I got bored of standing still in that queue. I wanted to drop my luggage and go and play ball with that six year-old. Maybe that's why guys never really grow up; boys will be boys and when we see a ball we roll back the years and we are six years-old again. If you watch Lionel Messi play for Barcelona he plays like a born professional, but he is just really a six-year old boy in the playground, all the money and stardom are left behind at his feet. Cesc Fabregas left Arsenal this season to go back to Barcelona where he grew up, to what is really just playing with his mates.

Give me a hockey ball and a hockey stick and I will never be able to resist having a dribble for the rest of my life. I can imagine myself in my old age still doing an indian dribble even if I may be sat down and to weary and old to force my legs in to play, the wrists must be able to manouvre. I really can't imagine not. The airport floor would have been similar to playing Indoor Hockey in our winter season.

The kid kicked the ball and it bounced off one of the columns of the airport terminal structure. It must have been a goal he scored, in off the post.

Even in the office, how many times do we scrumple up pieces of paper and play basketball in the bin? I don't know a man that hasn't. The man that really is just a boy.

The six year-old then slid across the shiny marble airport floor to catch a slow, trundling and rebounding ball. It must have been a sliding tackle.

I have always had a squash ball that I squeeze in my hands to train my wrists. I also lay on the sofa and throw it back and forth at the wall. I am really Captain Virgil 'The Cooler King' Hilts in The Great Escape, aka Steve Mcqueen. That ball (and glove) would save my sanity, that I am sure of.

I wanted to shout 'pass...pass it' to the six year-old boy.

I think this is where there is a connection with my love of dogs. Dogs will always chase balls, they will never grew old of it, male and female dogs alike.

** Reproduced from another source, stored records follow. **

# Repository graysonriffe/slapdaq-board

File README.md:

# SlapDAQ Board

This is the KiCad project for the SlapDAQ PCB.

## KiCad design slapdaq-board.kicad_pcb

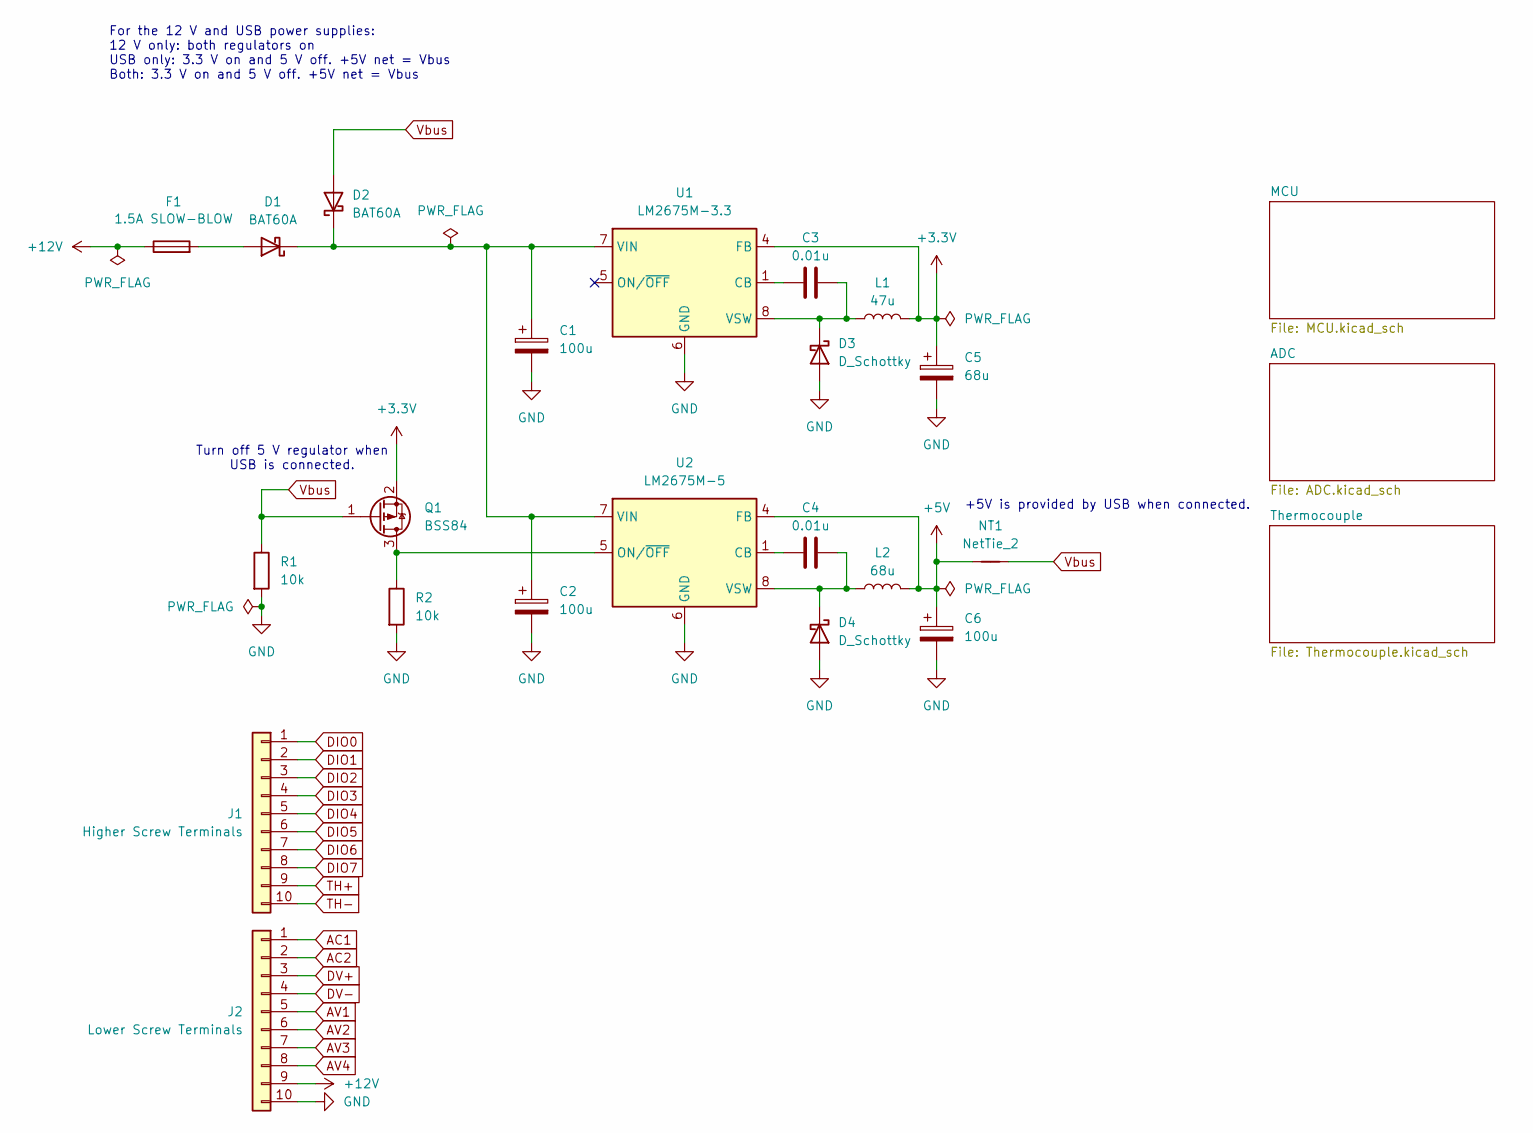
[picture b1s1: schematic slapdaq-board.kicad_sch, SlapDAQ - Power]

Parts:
C1, C2: 100u; CP_EIA-7260-38_AVX-R_HandSolder; MPN 594D107X9025R2T
C3, C4: 0.01u; C_1206_3216Metric_Pad1.33x1.80mm_HandSolder; MPN GRM31CR73A103KW03L
C5: 68u; CP_EIA-7132-28_AVX-C_HandSolder; MPN 594D686X9010C2T
C6: 100u; CP_EIA-7132-28_AVX-C_HandSolder; MPN 594D107X9016C2T
D1, D2: BAT60A; D_SOD-323; MPN BAT60AE6327HTSA1
D3, D4: D_Schottky; D_SMA_Handsoldering; MPN SK13
F1: 1.5A SLOW-BLOW; Fuse_1206_3216Metric_Pad1.42x1.75mm_HandSolder; MPN SF-1206S150M-2
J1: Higher Screw Terminals; CONN_SD-39512-001_10P_MOL; MPN 39512-6010
J2: Lower Screw Terminals; CONN_SD-39512-001_10P_MOL; MPN 39512-6010
L1: 47u; L_Fastron_PISN_Handsoldering; MPN DO3316P-473MLD
L2: 68u; L_Fastron_PISN_Handsoldering; MPN DO3316P-683MLD
NT1: NetTie_2; NetTie-2_SMD_Pad0.5mm
Q1: BSS84; SOT-23; MPN BSS84AK,215
R1, R2: 10k; R_1206_3216Metric_Pad1.30x1.75mm_HandSolder; MPN RC1206DR-0710KL
U1: LM2675M-3.3; SOIC-8_3.9x4.9mm_P1.27mm; MPN LM2675MX-3.3/NOPB
U2: LM2675M-5; SOIC-8_3.9x4.9mm_P1.27mm; MPN LM2675MX-5.0/NOPB

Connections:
+3.3V: C5.1, L1.2, Q1.2 (S), U1.4 (FB); also elsewhere on the board
+5V: C6.1, L2.2, NT1.1, U2.4 (FB); also elsewhere on the board
+12V: F1.1, J2.9
AC1: J2.1; also elsewhere on the board
AC2: J2.2; also elsewhere on the board
AV1: J2.5; also elsewhere on the board
AV2: J2.6; also elsewhere on the board
AV3: J2.7; also elsewhere on the board
AV4: J2.8; also elsewhere on the board
DIO0: J1.1; also elsewhere on the board
DIO1: J1.2; also elsewhere on the board
DIO2: J1.3; also elsewhere on the board
DIO3: J1.4; also elsewhere on the board
DIO4: J1.5; also elsewhere on the board
DIO5: J1.6; also elsewhere on the board
DIO6: J1.7; also elsewhere on the board
DIO7: J1.8; also elsewhere on the board
DV+: J2.3; also elsewhere on the board
DV-: J2.4; also elsewhere on the board
GND: C1.2, C2.2, C5.2, C6.2, D3.2 (A), D4.2 (A), J2.10, R1.2, R2.2, U1.6 (GND), U2.6 (GND); also elsewhere on the board
unnamed: D1.2 (A), F1.2
unnamed: C1.1, C2.1, D1.1 (K), D2.1 (K), U1.7 (VIN), U2.7 (VIN)
unnamed: C3.2, D3.1 (K), L1.1, U1.8 (VSW)
unnamed: C4.2, D4.1 (K), L2.1, U2.8 (VSW)
unnamed: Q1.3 (D), R2.1, U2.5 (ON/~OFF)
unnamed: C3.1, U1.1 (CB)
unnamed: C4.1, U2.1 (CB)
TH+: J1.9; also elsewhere on the board
TH-: J1.10; also elsewhere on the board
Vbus: D2.2 (A), NT1.2, Q1.1 (G), R1.1; also elsewhere on the board

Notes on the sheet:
Turn off 5 V regulator when USB is connected.
For the 12 V and USB power supplies: 12 V only: both regulators on USB only: 3.3 V on and 5 V off. +5V net = Vbus Both: 3.3 V on and 5 V off. +5V net = Vbus
+5V is provided by USB when connected.

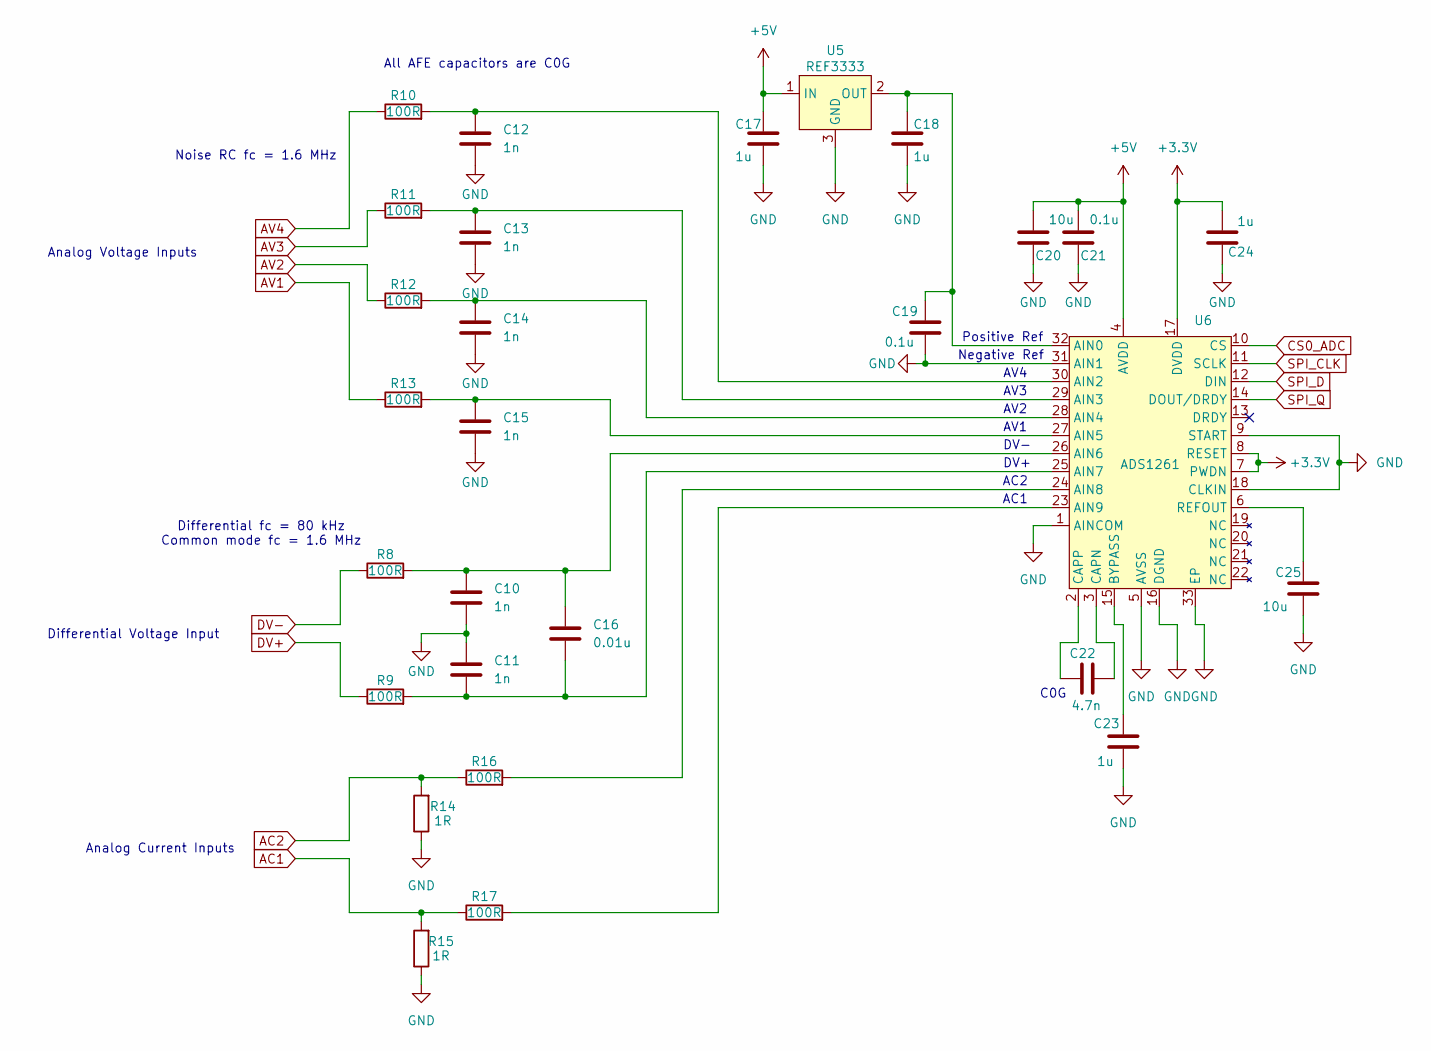
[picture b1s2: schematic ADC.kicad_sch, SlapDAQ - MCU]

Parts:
C10, C11, C12, C13, C14, C15: 1n; C_1206_3216Metric_Pad1.33x1.80mm_HandSolder; MPN GRM31C5C3A102JWA3L
C16: 0.01u; C_1206_3216Metric_Pad1.33x1.80mm_HandSolder; MPN GRM31C5C2J103JWA3L
C17, C18, C23, C24: 1u; C_1206_3216Metric_Pad1.33x1.80mm_HandSolder; MPN GRM31CR71E105KA01L
C19, C21: 0.1u; C_1206_3216Metric_Pad1.33x1.80mm_HandSolder; MPN GRM31CR72E104KW03L
C20, C25: 10u; C_1206_3216Metric_Pad1.33x1.80mm_HandSolder; MPN GCM31CC71E106KA03K
C22: 4.7n; C_1206_3216Metric_Pad1.33x1.80mm_HandSolder; MPN GCM3195C2A472FA16D
R8, R9, R10, R11, R12, R13, R16, R17: 100R; R_1206_3216Metric_Pad1.30x1.75mm_HandSolder; MPN RC1206DR-07100RL
R14, R15: 1R; R_1206_3216Metric_Pad1.30x1.75mm_HandSolder; MPN AC1206FR-071RL
U5: REF3333; SOT-23; MPN REF3333AIDBZR
U6: ADS1261; QFN-32-1EP_5x5mm_P0.5mm_EP3.45x3.45mm_ThermalVias; MPN ADS1261IRHBT

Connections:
+3.3V: C24.2, U6.7 (PWDN), U6.8 (RESET), U6.17 (DVDD); also elsewhere on the board
+5V: C17.1, C20.2, C21.2, U5.1 (IN), U6.4 (AVDD); also elsewhere on the board
AC1: R15.2, R17.1; also elsewhere on the board
AC2: R14.2, R16.1; also elsewhere on the board
AV1: R13.1; also elsewhere on the board
AV2: R12.1; also elsewhere on the board
AV3: R11.1; also elsewhere on the board
AV4: R10.1; also elsewhere on the board
CS0_ADC: U6.10 (CS); also elsewhere on the board
DV+: R9.1; also elsewhere on the board
DV-: R8.1; also elsewhere on the board
GND: C10.2, C11.1, C12.2, C13.2, C14.2, C15.2, C17.2, C18.2, C19.2, C20.1, C21.1, C23.2, C24.1, C25.2, R14.1, R15.1, U5.3 (GND), U6.1 (AINCOM), U6.5 (AVSS), U6.9 (START), U6.16 (DGND), U6.18 (CLKIN), U6.31 (AIN1), U6.33 (EP); also elsewhere on the board
unnamed: C18.1, C19.1, U5.2 (OUT), U6.32 (AIN0)
unnamed: C12.1, R10.2, U6.30 (AIN2)
unnamed: C13.1, R11.2, U6.29 (AIN3)
unnamed: C14.1, R12.2, U6.28 (AIN4)
unnamed: C15.1, R13.2, U6.27 (AIN5)
unnamed: C10.1, C16.1, R8.2, U6.26 (AIN6)
unnamed: C11.2, C16.2, R9.2, U6.25 (AIN7)
unnamed: R16.2, U6.24 (AIN8)
unnamed: R17.2, U6.23 (AIN9)
unnamed: C23.1, U6.15 (BYPASS)
unnamed: C22.2, U6.3 (CAPN)
unnamed: C22.1, U6.2 (CAPP)
unnamed: C25.1, U6.6 (REFOUT)
SPI_CLK: U6.11 (SCLK); also elsewhere on the board
SPI_D: U6.12 (DIN); also elsewhere on the board
SPI_Q: U6.14 (DOUT/DRDY); also elsewhere on the board

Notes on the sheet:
AC1
Positive Ref
Negative Ref
Noise RC fc = 1.6 MHz
AV4
Differential fc = 80 kHz Common mode fc = 1.6 MHz
Analog Current Inputs
AV1
AC2
Analog Voltage Inputs
AV3
All AFE capacitors are C0G
DV+
DV-
Differential Voltage Input
AV2
C0G

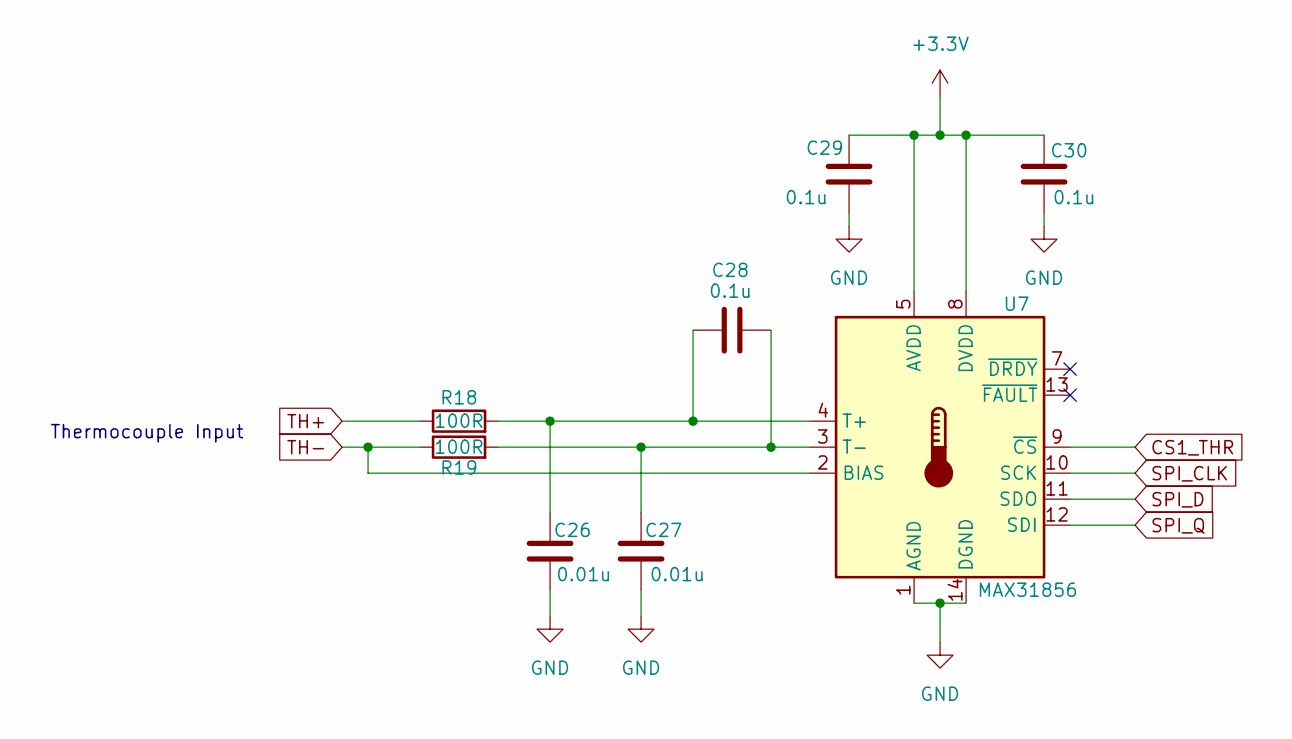
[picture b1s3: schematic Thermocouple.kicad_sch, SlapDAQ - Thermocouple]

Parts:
C26, C27: 0.01u; C_1206_3216Metric_Pad1.33x1.80mm_HandSolder; MPN GRM31CR73A103KW03L
C28, C29, C30: 0.1u; C_1206_3216Metric_Pad1.33x1.80mm_HandSolder; MPN GRM31CR72E104KW03L
R18, R19: 100R; R_1206_3216Metric_Pad1.30x1.75mm_HandSolder; MPN RC1206DR-07100RL
U7: MAX31856; TSSOP-14_4.4x5mm_P0.65mm; MPN MAX31856MUD+

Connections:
+3.3V: C29.1, C30.1, U7.5 (AVDD), U7.8 (DVDD); also elsewhere on the board
CS1_THR: U7.9 (~CS); also elsewhere on the board
GND: C26.2, C27.2, C29.2, C30.2, U7.1 (AGND), U7.14 (DGND); also elsewhere on the board
unnamed: C26.1, C28.1, R18.2, U7.4 (T+)
unnamed: C27.1, C28.2, R19.2, U7.3 (T-)
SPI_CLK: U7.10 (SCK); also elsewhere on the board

In that check-in queue the Nike Tv advert with the Brazilian 'Seleçao' National team sprung to mind. The Joga Bonito - the beautiful game - flowed through an airport terminal at the magical, samba-style happy feet, where grown men earning fame and fortune were due to play in the World Cup Finals. They may as well have been in the garden, or the playground, or anywhere a ball can roll, be kicked, flicked or kept up.

Just do it. Nike have said this for years. And that's all we boys will ever do. Give us a ball and we will do it. We will play forever with a ball. It's a dog's life really. And whoever invented that phrase as a metaphor of hard life should have thought again.

Adidas say impossible is nothing. Adidas is all in. Well, give me a ball and it is impossible that I will not play. Andrew is all in.

The parents finished checking-in and walked off with their boarding passes calling "Venga, vamos" at their playful Spanish son to pick up the ball and hurry along. I was left waiting my turn, looking to my left at the kid's playground. I could make out a goal with the column and the next one along, even if it was a big one. One of the benches could have been a goal, with another bench further along and opposite being the goal at the other end of the pitch. My imagination reconstructed the moves like Messi, not Jagger. I imagined kicking a ball like a free kick from where I was stood to the terminal entrance which actually was a goal to me. I wondered if I could flick or scoop a hockey ball the length of the check in area with my hockey stick without it bouncing.

To the ball I am devoted.


'Joga Bonito' by Andrew Granville, aged six.